(Entries taken from a collection)
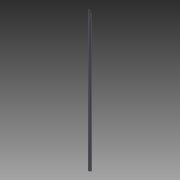
# Autodesk Inventor part: Needle3
Saved by Autodesk Inventor 2011 SP2 (Build 150309200, 309)
## iProperties
Created: 2011-01-21
Part Number: Needle3
Document SubType Name: Modeling
Designer: sungwook
Density: 7.75 g/cm^3
Material: Stainless Steel, 440C
Mass: 0.0578212 g
Surface Area: 1.01049 cm^2
Volume: 0.00746081 cm^3
Author: sungwook
Autodesk Inventor part; units mm, degrees
ref_plane "YZ Plane" through (0, 0, 0) normal (1, 0, 0) x (0, 1, 0)
ref_plane "XZ Plane" through (0, 0, 0) normal (0, 1, 0) x (-1, 0, 0)
ref_plane "UCS1: YZ Plane" through (-0.5, 0, 50) normal (0.9659, 0, 0.2588) x (0.2588, 0, -0.9659)
sketch "Sketch1" plane through (0, 0, 0) normal (0, 0, 1) x (1, 0, 0)
  circle A0 centre (0, 0) radius 0.5
  dimension "d0" = 1
  constraints: 1 centre point, 1 coincident
  measures "d0" diameter of A0
extrude "Extrusion1" add sketch "Sketch1" along normal blind 50
sketch "Sketch2" plane through (0, 0, 50) normal (0, 0, 1) x (1, 0, 0)
  circle A0 centre (0, 0) radius 0.5 projected
  line L0 (-0.7, 0) -> (0.7, 0) projected
  line L1 (0, -0.7) -> (0, 0.7) projected
  point P0 (0, 0.5)
  point P1 (0.5, 0)
  point P2 (-0.5, 0)
  constraints: 3 point on circle, 3 point on line
sketch "Sketch3" plane through (-0.5, 0, 50) normal (0, 1, 0) x (0.9659, 0, 0.2588)
  point P0 (0, 0)
sketch "Sketch4" plane through (0, 0, 0) normal (0, 1, 0) x (-1, 0, 0)
  line L0 (-0.5, 0) -> (-0.5, 50) projected
  line L1 (0.5, 0) -> (0.5, 50) projected
  line L2 (0.5, 50) -> (-0.5, 47.2525)
  line L3 (-0.5, 50) -> (0.5, 50) projected
  point P0 (0, 0)
  dimension "d9" = 70
  constraints: 2 end point, 1 point on line
  measures "d9" angle of L2 L3
extrude "Extrusion2" cut sketch "Sketch4" along normal through all both and the other way through all
sketch "Sketch5" plane through (0, 0, 0) normal (0, 0, -1) x (-1, 0, 0)
  circle A0 centre (0, 0) radius 0.5 projected
  circle A1 centre (0, 0) radius 0.35
  dimension "d12" = 0.7
  constraints: 1 centre point, 1 coincident
  measures "d12" diameter of A1
extrude "Hole" cut sketch "Sketch5" against normal through all contours A1
ref_plane "Work Plane1" through (0, 0, 30) normal (0, 0, 1) x (1, 0, 0)
sketch "Sketch6" plane through (0, 0, 30) normal (0, 0, 1) x (1, 0, 0)
  circle A0 centre (0, 0) radius 0.6
  dimension "d16" = 1.2
  constraints: 1 centre point, 1 coincident
  measures "d16" diameter of A0
extrude "Extrusion4" [suppressed]
body "Solid1"

_Exercise objective_
Please repeat all of the entries above word for word, but drop any pictures.

_Answer for the task_
# Autodesk Inventor part: Needle3
Saved by Autodesk Inventor 2011 SP2 (Build 150309200, 309)
## iProperties
Created: 2011-01-21
Part Number: Needle3
Document SubType Name: Modeling
Designer: sungwook
Density: 7.75 g/cm^3
Material: Stainless Steel, 440C
Mass: 0.0578212 g
Surface Area: 1.01049 cm^2
Volume: 0.00746081 cm^3
Author: sungwook
Autodesk Inventor part; units mm, degrees
ref_plane "YZ Plane" through (0, 0, 0) normal (1, 0, 0) x (0, 1, 0)
ref_plane "XZ Plane" through (0, 0, 0) normal (0, 1, 0) x (-1, 0, 0)
ref_plane "UCS1: YZ Plane" through (-0.5, 0, 50) normal (0.9659, 0, 0.2588) x (0.2588, 0, -0.9659)
sketch "Sketch1" plane through (0, 0, 0) normal (0, 0, 1) x (1, 0, 0)
  circle A0 centre (0, 0) radius 0.5
  dimension "d0" = 1
  constraints: 1 centre point, 1 coincident
  measures "d0" diameter of A0
extrude "Extrusion1" add sketch "Sketch1" along normal blind 50
sketch "Sketch2" plane through (0, 0, 50) normal (0, 0, 1) x (1, 0, 0)
  circle A0 centre (0, 0) radius 0.5 projected
  line L0 (-0.7, 0) -> (0.7, 0) projected
  line L1 (0, -0.7) -> (0, 0.7) projected
  point P0 (0, 0.5)
  point P1 (0.5, 0)
  point P2 (-0.5, 0)
  constraints: 3 point on circle, 3 point on line
sketch "Sketch3" plane through (-0.5, 0, 50) normal (0, 1, 0) x (0.9659, 0, 0.2588)
  point P0 (0, 0)
sketch "Sketch4" plane through (0, 0, 0) normal (0, 1, 0) x (-1, 0, 0)
  line L0 (-0.5, 0) -> (-0.5, 50) projected
  line L1 (0.5, 0) -> (0.5, 50) projected
  line L2 (0.5, 50) -> (-0.5, 47.2525)
  line L3 (-0.5, 50) -> (0.5, 50) projected
  point P0 (0, 0)
  dimension "d9" = 70
  constraints: 2 end point, 1 point on line
  measures "d9" angle of L2 L3
extrude "Extrusion2" cut sketch "Sketch4" along normal through all both and the other way through all
sketch "Sketch5" plane through (0, 0, 0) normal (0, 0, -1) x (-1, 0, 0)
  circle A0 centre (0, 0) radius 0.5 projected
  circle A1 centre (0, 0) radius 0.35
  dimension "d12" = 0.7
  constraints: 1 centre point, 1 coincident
  measures "d12" diameter of A1
extrude "Hole" cut sketch "Sketch5" against normal through all contours A1
ref_plane "Work Plane1" through (0, 0, 30) normal (0, 0, 1) x (1, 0, 0)
sketch "Sketch6" plane through (0, 0, 30) normal (0, 0, 1) x (1, 0, 0)
  circle A0 centre (0, 0) radius 0.6
  dimension "d16" = 1.2
  constraints: 1 centre point, 1 coincident
  measures "d16" diameter of A0
extrude "Extrusion4" [suppressed]
body "Solid1"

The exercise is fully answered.